21. As regards the tracking reports, though there was no certificate under Section 65B of the Evidence Act, 1872 filed by the appellant before the learned Trial Court, however, the same was a curable defect which could have been removed before passing of the final judgment. The filing of the certificate under Section 65B is a matter of procedure and the absence of the same cannot render the evidence inadmissible, without giving an opportunity to file the same at a later stage. Doing so, shall amount to taking a hyper-technical view, which is both, against the interest of the complainant as also the settled position of law. Reliance in this regard is placed upon Arjun Panditrao Khotkar v. Kailash Kushanrao Gorantyal, (2020) 7 SCC 1, wherein the Hon’ble Supreme Court held as under:
“56. …. Depending on the facts of each case, and the court exercising discretion after seeing that the accused is not prejudiced by want of a fair trial, the court may in appropriate cases allow the prosecution to produce such certificate at a later point in time.
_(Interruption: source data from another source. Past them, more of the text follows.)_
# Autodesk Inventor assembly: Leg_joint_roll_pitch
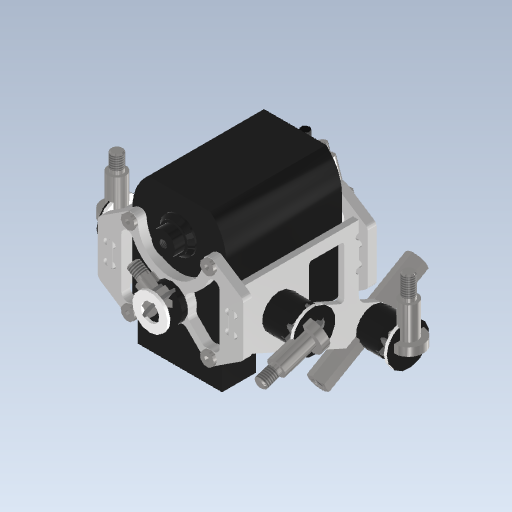
[picture p0: Inventor's stored thumbnail of the model, 512x512]
Saved by Autodesk Inventor 2020.4 (Build 244396000, 396)
## iProperties
Part Number: Leg_joint_roll_pitch
Document SubType Name: Assembly
Designer: Masato Kubotera
Mass: 101.309 g
Surface Area: 368.925 cm^2
Volume: 74.117 cm^3
Density: 1.36688 g/cm^3
Author: Masato Kubotera
## Documents named in this file (22)
- C:\Users\Masato\Documents\Inventor\CIT Brains_Inventor\OpenPlatform_ver3_0\LowerBody\Leg_joit\Leg_joint_roll_pitch.iam
- C:\Users\Masato\Documents\Inventor\CIT Brains_Inventor\OpenPlatform_ver3_0\LowerBody\Leg_joit\Leg_joint_pitch_frame.ipt
- C:\Users\Masato\Documents\Inventor\CIT Brains_Inventor\OpenPlatform_ver3_0\LowerBody\Leg_joit\Leg_joint_roll_frame.ipt
- C:\Users\Masato\Documents\Inventor\CIT Brains_Inventor\OpenPlatform_ver3_0\ReadyMade\KONDO\B3M-SC-1170-A.ipt
- C:\Users\Masato\Documents\Inventor\CIT Brains_Inventor\OpenPlatform_ver3_0\ReadyMade\Screw\M2_6-20.ipt
- C:\Users\Masato\Documents\Inventor\CIT Brains_Inventor\OpenPlatform_ver3_0\ReadyMade\Screw\M2_6-15.ipt
- C:\Users\Masato\Documents\Inventor\CIT Brains_Inventor\OpenPlatform_ver3_0\ReadyMade\Bush\80F-0603.ipt
- C:\Users\Masato\Documents\Inventor\CIT Brains_Inventor\OpenPlatform_ver3_0\ReadyMade\Washer\CC-0612-15B.ipt
- C:\Users\Masato\Documents\Inventor\CIT Brains_Inventor\OpenPlatform_ver3_0\ReadyMade\Washer\CC-0612-50B.ipt
- C:\Users\Masato\Documents\Inventor\CIT Brains_Inventor\OpenPlatform_ver3_0\ReadyMade\InsertNut\SF419.ipt
- C:\Users\Masato\Documents\Inventor\CIT Brains_Inventor\OpenPlatform_ver3_0\ReadyMade\Washer\UUW-0412-10BH.ipt
- C:\Users\Masato\Documents\Inventor\CIT Brains_Inventor\OpenPlatform_ver3_0\ReadyMade\Spacer\SLSBF6-39.5-M4-N4.ipt
- C:\Users\Masato\Documents\Inventor\CIT Brains_Inventor\OpenPlatform_ver3_0\ReadyMade\Screw\DBTS4-11-6.ipt
- C:\Users\Masato\Documents\Inventor\CIT Brains_Inventor\OpenPlatform_ver3_0\ReadyMade\Screw\DBS4-5-5.ipt
- C:\Users\Masato\Documents\Inventor\CIT Brains_Inventor\OpenPlatform_ver3_0\ReadyMade\Screw\DBTS4-10-4.ipt
- C:\Users\Masato\Documents\Inventor\CIT Brains_Inventor\OpenPlatform_ver3_0\ReadyMade\InsertNut\S4-05-3W.ipt
- C:\Users\Masato\Documents\Inventor\CIT Brains_Inventor\OpenPlatform_ver3_0\ReadyMade\KONDO\ClampHorn.ipt
- C:\Users\Masato\Documents\Inventor\CIT Brains_Inventor\OpenPlatform_ver3_0\ReadyMade\Screw\620103008.ipt
- C:\Users\Masato\Documents\Inventor\CIT Brains_Inventor\OpenPlatform_ver3_0\ReadyMade\Screw\DBTS4-11-8.ipt
- C:\Users\Masato\Documents\Inventor\CIT Brains_Inventor\OpenPlatform_ver3_0\ReadyMade\Washer\UUW-0614-05BH.ipt
- C:\Users\Masato\Documents\Inventor\CIT Brains_Inventor\OpenPlatform_ver3_0\ReadyMade\Washer\TT-0612-10.ipt
- C:\Users\Masato\Documents\Inventor\CIT Brains_Inventor\OpenPlatform_ver3_0\ReadyMade\Washer\TT-0814-10.ipt
## Components (56 placed, 21 different names)
1. B3M-SC-1170-A:1 — 挿入:1, 挿入:2, 挿入:3, 挿入:4, 挿入:11, 挿入:12, 挿入:13, 挿入:14, メイト:1, メイト:2, フラッシュ:1, 挿入:49, 角度:3
2. Leg_joint_roll_frame:1 — 挿入:1, 挿入:2, 挿入:3, 挿入:4, 挿入:5, 挿入:6, 挿入:7, 挿入:8, 挿入:9, 挿入:10, 角度:1, フラッシュ:2, メイト:3, メイト:4, メイト:5
3. Leg_joint_roll_frame:2 — 挿入:11, 挿入:12, 挿入:13, 挿入:14, 挿入:15, 挿入:16, 挿入:17, 挿入:18, 角度:2, 角度:4
4. Leg_joint_pitch_frame:1 — フラッシュ:3, 挿入:19, フラッシュ:4, メイト:5, 挿入:20, 挿入:21, 挿入:22
5. Leg_joint_pitch_frame:2 — フラッシュ:2, フラッシュ:3, フラッシュ:4, メイト:3, メイト:4, 挿入:23, 挿入:24, 挿入:25, 挿入:26
6. M2_6-20:1 — 挿入:7
7. M2_6-20:2 — 挿入:8
8. M2_6-20:3 — 挿入:5
9. M2_6-20:4 — 挿入:6
10. M2_6-15:2 — 挿入:16
11. M2_6-15:3 — 挿入:15
12. 80F-0603:1 — 挿入:43
13. 80F-0603:2 — 挿入:44
14. 80F-0603:3 — 挿入:45
15. 80F-0603:4 — 挿入:46
16. 80F-0603:5 — 挿入:47
17. 80F-0603:6 — 挿入:48
18. UUW-0412-10BH:1 — 挿入:9, 挿入:27
19. UUW-0412-10BH:2 — 挿入:17, 挿入:28, 挿入:33
20. UUW-0412-10BH:3 — 挿入:19, 挿入:29, 挿入:226
21. UUW-0412-10BH:4 — 挿入:22, 挿入:30, 挿入:35
22. UUW-0412-10BH:5 — 挿入:23, 挿入:31, 挿入:227
23. UUW-0412-10BH:6 — 挿入:26, 挿入:32, 挿入:37
24. UUW-0412-10BH:7 — 挿入:27, 挿入:38, 挿入:43
25. CC-0612-15B:1 — 挿入:29, 挿入:39
26. CC-0612-15B:2 — 挿入:30, 挿入:40
27. CC-0612-15B:3 — 挿入:31, 挿入:41
28. CC-0612-15B:4 — 挿入:32, 挿入:42
29. CC-0612-50B:1 — 挿入:39, 挿入:45
30. CC-0612-50B:2 — 挿入:40, 挿入:46
31. CC-0612-50B:3 — 挿入:41, 挿入:47
32. CC-0612-50B:4 — 挿入:42, 挿入:48
33. CC-0612-50B:5 — 挿入:28, 挿入:44
34. SF419:1 — 挿入:25
35. SF419:2 — 挿入:20
36. S4-05-3W:1 — 挿入:10, 角度:1
37. S4-05-3W:2 — 挿入:18, 角度:2
38. SLSBF6-39.5-M4-N4:1 — 挿入:21, 挿入:24, 角度:4
39. DBS4-5-5:1 — 挿入:38, 挿入:232
40. DBTS4-11-6:3 — 挿入:37, 挿入:229
41. DBTS4-11-6:4 — 挿入:35, 挿入:230
42. DBTS4-10-4:1 — 挿入:33, 挿入:233
43. ClampHorn:1 — 挿入:49, 挿入:50, 角度:3
44. 620103008:1 — 挿入:50
45. DBTS4-11-8:1 — 挿入:226, 挿入:231
46. DBTS4-11-8:2 — 挿入:227, 挿入:228
47. UUW-0614-05BH:1 — 挿入:228, 挿入:234
48. UUW-0614-05BH:2 — 挿入:229, 挿入:235
49. UUW-0614-05BH:3 — 挿入:230, 挿入:236
50. UUW-0614-05BH:4 — 挿入:231, 挿入:237
51. TT-0612-10:1 — 挿入:233
52. TT-0612-10:2 — 挿入:232
53. TT-0814-10:1 — 挿入:234
54. TT-0814-10:2 — 挿入:235
55. TT-0814-10:3 — 挿入:237
56. TT-0814-10:4 — 挿入:236
## Relationships (73: Insert 60, Mate 5, Flush 4, Angle 4)
- フラッシュ:1 [Flush]: B3M-SC-1170-A:1
- メイト:1 [Mate]: B3M-SC-1170-A:1
- メイト:2 [Mate]: B3M-SC-1170-A:1
- 挿入:1 [Insert]: B3M-SC-1170-A:1 ↔ Leg_joint_roll_frame:1
- 挿入:2 [Insert]: B3M-SC-1170-A:1 ↔ Leg_joint_roll_frame:1
- 挿入:3 [Insert]: B3M-SC-1170-A:1 ↔ Leg_joint_roll_frame:1
- 挿入:4 [Insert]: B3M-SC-1170-A:1 ↔ Leg_joint_roll_frame:1
- 挿入:5 [Insert]: Leg_joint_roll_frame:1 ↔ M2_6-20:3
- 挿入:6 [Insert]: Leg_joint_roll_frame:1 ↔ M2_6-20:4
- 挿入:7 [Insert]: Leg_joint_roll_frame:1 ↔ M2_6-20:1
- 挿入:8 [Insert]: Leg_joint_roll_frame:1 ↔ M2_6-20:2
- 挿入:9 [Insert]: Leg_joint_roll_frame:1 ↔ UUW-0412-10BH:1
- 挿入:10 [Insert]: Leg_joint_roll_frame:1 ↔ S4-05-3W:1
- 角度:1 [Angle] (0 deg): Leg_joint_roll_frame:1 ↔ S4-05-3W:1
- 挿入:11 [Insert]: B3M-SC-1170-A:1 ↔ Leg_joint_roll_frame:2
- 挿入:12 [Insert]: B3M-SC-1170-A:1 ↔ Leg_joint_roll_frame:2
- 挿入:13 [Insert]: B3M-SC-1170-A:1 ↔ Leg_joint_roll_frame:2
- 挿入:14 [Insert]: B3M-SC-1170-A:1 ↔ Leg_joint_roll_frame:2
- 挿入:15 [Insert]: Leg_joint_roll_frame:2 ↔ M2_6-15:3
- 挿入:16 [Insert]: Leg_joint_roll_frame:2 ↔ M2_6-15:2
- 挿入:17 [Insert]: Leg_joint_roll_frame:2 ↔ UUW-0412-10BH:2
- 挿入:18 [Insert]: Leg_joint_roll_frame:2 ↔ S4-05-3W:2
- 角度:2 [Angle] (0 deg): Leg_joint_roll_frame:2 ↔ S4-05-3W:2
- 挿入:19 [Insert]: Leg_joint_pitch_frame:1 ↔ UUW-0412-10BH:3
- 挿入:20 [Insert]: Leg_joint_pitch_frame:1 ↔ SF419:2
- 挿入:21 [Insert]: Leg_joint_pitch_frame:1 ↔ SLSBF6-39.5-M4-N4:1
- 挿入:22 [Insert]: Leg_joint_pitch_frame:1 ↔ UUW-0412-10BH:4
- 挿入:23 [Insert]: Leg_joint_pitch_frame:2 ↔ UUW-0412-10BH:5
- 挿入:24 [Insert]: Leg_joint_pitch_frame:2 ↔ SLSBF6-39.5-M4-N4:1
- 挿入:25 [Insert]: Leg_joint_pitch_frame:2 ↔ SF419:1
- 挿入:26 [Insert]: Leg_joint_pitch_frame:2 ↔ UUW-0412-10BH:6
- 挿入:27 [Insert]: UUW-0412-10BH:1 ↔ UUW-0412-10BH:7
- 挿入:28 [Insert]: UUW-0412-10BH:2 ↔ CC-0612-50B:5
- 挿入:29 [Insert]: UUW-0412-10BH:3 ↔ CC-0612-15B:1
- 挿入:30 [Insert]: UUW-0412-10BH:4 ↔ CC-0612-15B:2
- 挿入:31 [Insert]: UUW-0412-10BH:5 ↔ CC-0612-15B:3
- 挿入:32 [Insert]: UUW-0412-10BH:6 ↔ CC-0612-15B:4
- 挿入:33 [Insert]: UUW-0412-10BH:2 ↔ DBTS4-10-4:1
- 挿入:35 [Insert]: UUW-0412-10BH:4 ↔ DBTS4-11-6:4
- 挿入:37 [Insert]: UUW-0412-10BH:6 ↔ DBTS4-11-6:3
- 挿入:38 [Insert]: UUW-0412-10BH:7 ↔ DBS4-5-5:1
- 挿入:39 [Insert]: CC-0612-15B:1 ↔ CC-0612-50B:1
- 挿入:40 [Insert]: CC-0612-15B:2 ↔ CC-0612-50B:2
- 挿入:41 [Insert]: CC-0612-15B:3 ↔ CC-0612-50B:3
- 挿入:42 [Insert]: CC-0612-15B:4 ↔ CC-0612-50B:4
- 挿入:43 [Insert]: 80F-0603:1 ↔ UUW-0412-10BH:7
- 挿入:44 [Insert]: 80F-0603:2 ↔ CC-0612-50B:5
- 挿入:45 [Insert]: 80F-0603:3 ↔ CC-0612-50B:1
- 挿入:46 [Insert]: 80F-0603:4 ↔ CC-0612-50B:2
- 挿入:47 [Insert]: 80F-0603:5 ↔ CC-0612-50B:3
- 挿入:48 [Insert]: 80F-0603:6 ↔ CC-0612-50B:4
- フラッシュ:2 [Flush]: Leg_joint_roll_frame:1 ↔ Leg_joint_pitch_frame:2
- フラッシュ:3 [Flush]: Leg_joint_pitch_frame:1 ↔ Leg_joint_pitch_frame:2
- フラッシュ:4 [Flush]: Leg_joint_pitch_frame:1 ↔ Leg_joint_pitch_frame:2
- メイト:3 [Mate] (0.025 mm): Leg_joint_roll_frame:1 ↔ Leg_joint_pitch_frame:2
- メイト:4 [Mate] (0.025 mm): Leg_joint_roll_frame:1 ↔ Leg_joint_pitch_frame:2
- メイト:5 [Mate] (0.025 mm): Leg_joint_roll_frame:1 ↔ Leg_joint_pitch_frame:1
- 挿入:49 [Insert]: B3M-SC-1170-A:1 ↔ ClampHorn:1
- 挿入:50 [Insert]: ClampHorn:1 ↔ 620103008:1
- 角度:3 [Angle] (0 deg): B3M-SC-1170-A:1 ↔ ClampHorn:1
- 角度:4 [Angle] (0 deg): Leg_joint_roll_frame:2 ↔ SLSBF6-39.5-M4-N4:1
- 挿入:226 [Insert]: UUW-0412-10BH:3 ↔ DBTS4-11-8:1
- 挿入:227 [Insert]: UUW-0412-10BH:5 ↔ DBTS4-11-8:2
- 挿入:228 [Insert]: DBTS4-11-8:2 ↔ UUW-0614-05BH:1
- 挿入:229 [Insert]: DBTS4-11-6:3 ↔ UUW-0614-05BH:2
- 挿入:230 [Insert]: DBTS4-11-6:4 ↔ UUW-0614-05BH:3
- 挿入:231 [Insert]: DBTS4-11-8:1 ↔ UUW-0614-05BH:4
- 挿入:232 [Insert]: DBS4-5-5:1 ↔ TT-0612-10:2
- 挿入:233 [Insert]: DBTS4-10-4:1 ↔ TT-0612-10:1
- 挿入:234 [Insert]: UUW-0614-05BH:1 ↔ TT-0814-10:1
- 挿入:235 [Insert]: UUW-0614-05BH:2 ↔ TT-0814-10:2
- 挿入:236 [Insert]: UUW-0614-05BH:3 ↔ TT-0814-10:4
- 挿入:237 [Insert]: UUW-0614-05BH:4 ↔ TT-0814-10:3

If it is the accused who desires to produce the requisite certificate as part of his defence, this again will depend upon the justice of the case — discretion to be exercised by the court in accordance with law.
xxx xxx xxx
59. …. So long as the hearing in a trial is not yet over, the requisite certificate can be directed to be produced by the learned Judge at any stage, so that information contained in electronic record form can then be admitted, and relied upon in evidence.”

22. The aforesaid view has also been reiterated by the Hon’ble Supreme Court in State of Karnataka v. T. Naseer, 2023 SCC OnLine SC 1447. Thus, in the opinion of this Court, the learned Trial Court erred in holding the tracking reports to be inadmissible, without affording an opportunity to the appellant to produce the necessary certificate at a later stage.
23. Accordingly, the present appeal is allowed and the impugned order dated 04.01.2022 passed by the learned MM-04/NI Act/South, Saket Courts, New Delhi in CT No.12629/2017 titled Adarsh Gaur vs. Metenuo Kechu is set aside. Further, CT No.12629/2017 titled Adarsh Guar vs. Metenuo Kechu is restored to its original number and position with liberty to the appellant to file an appropriate application before the learned Trial Court to place on record the certificate from the appropriate authority under Section 65B of the Evidence Act, 1872 in support of tracking reports in accordance with law. In case the appellant files such an application, the Trial Court to proceed therewith in accordance with law.
24. A copy of this order be sent to the learned Trial Court for necessary information.
25. The appeal is disposed of in the above terms.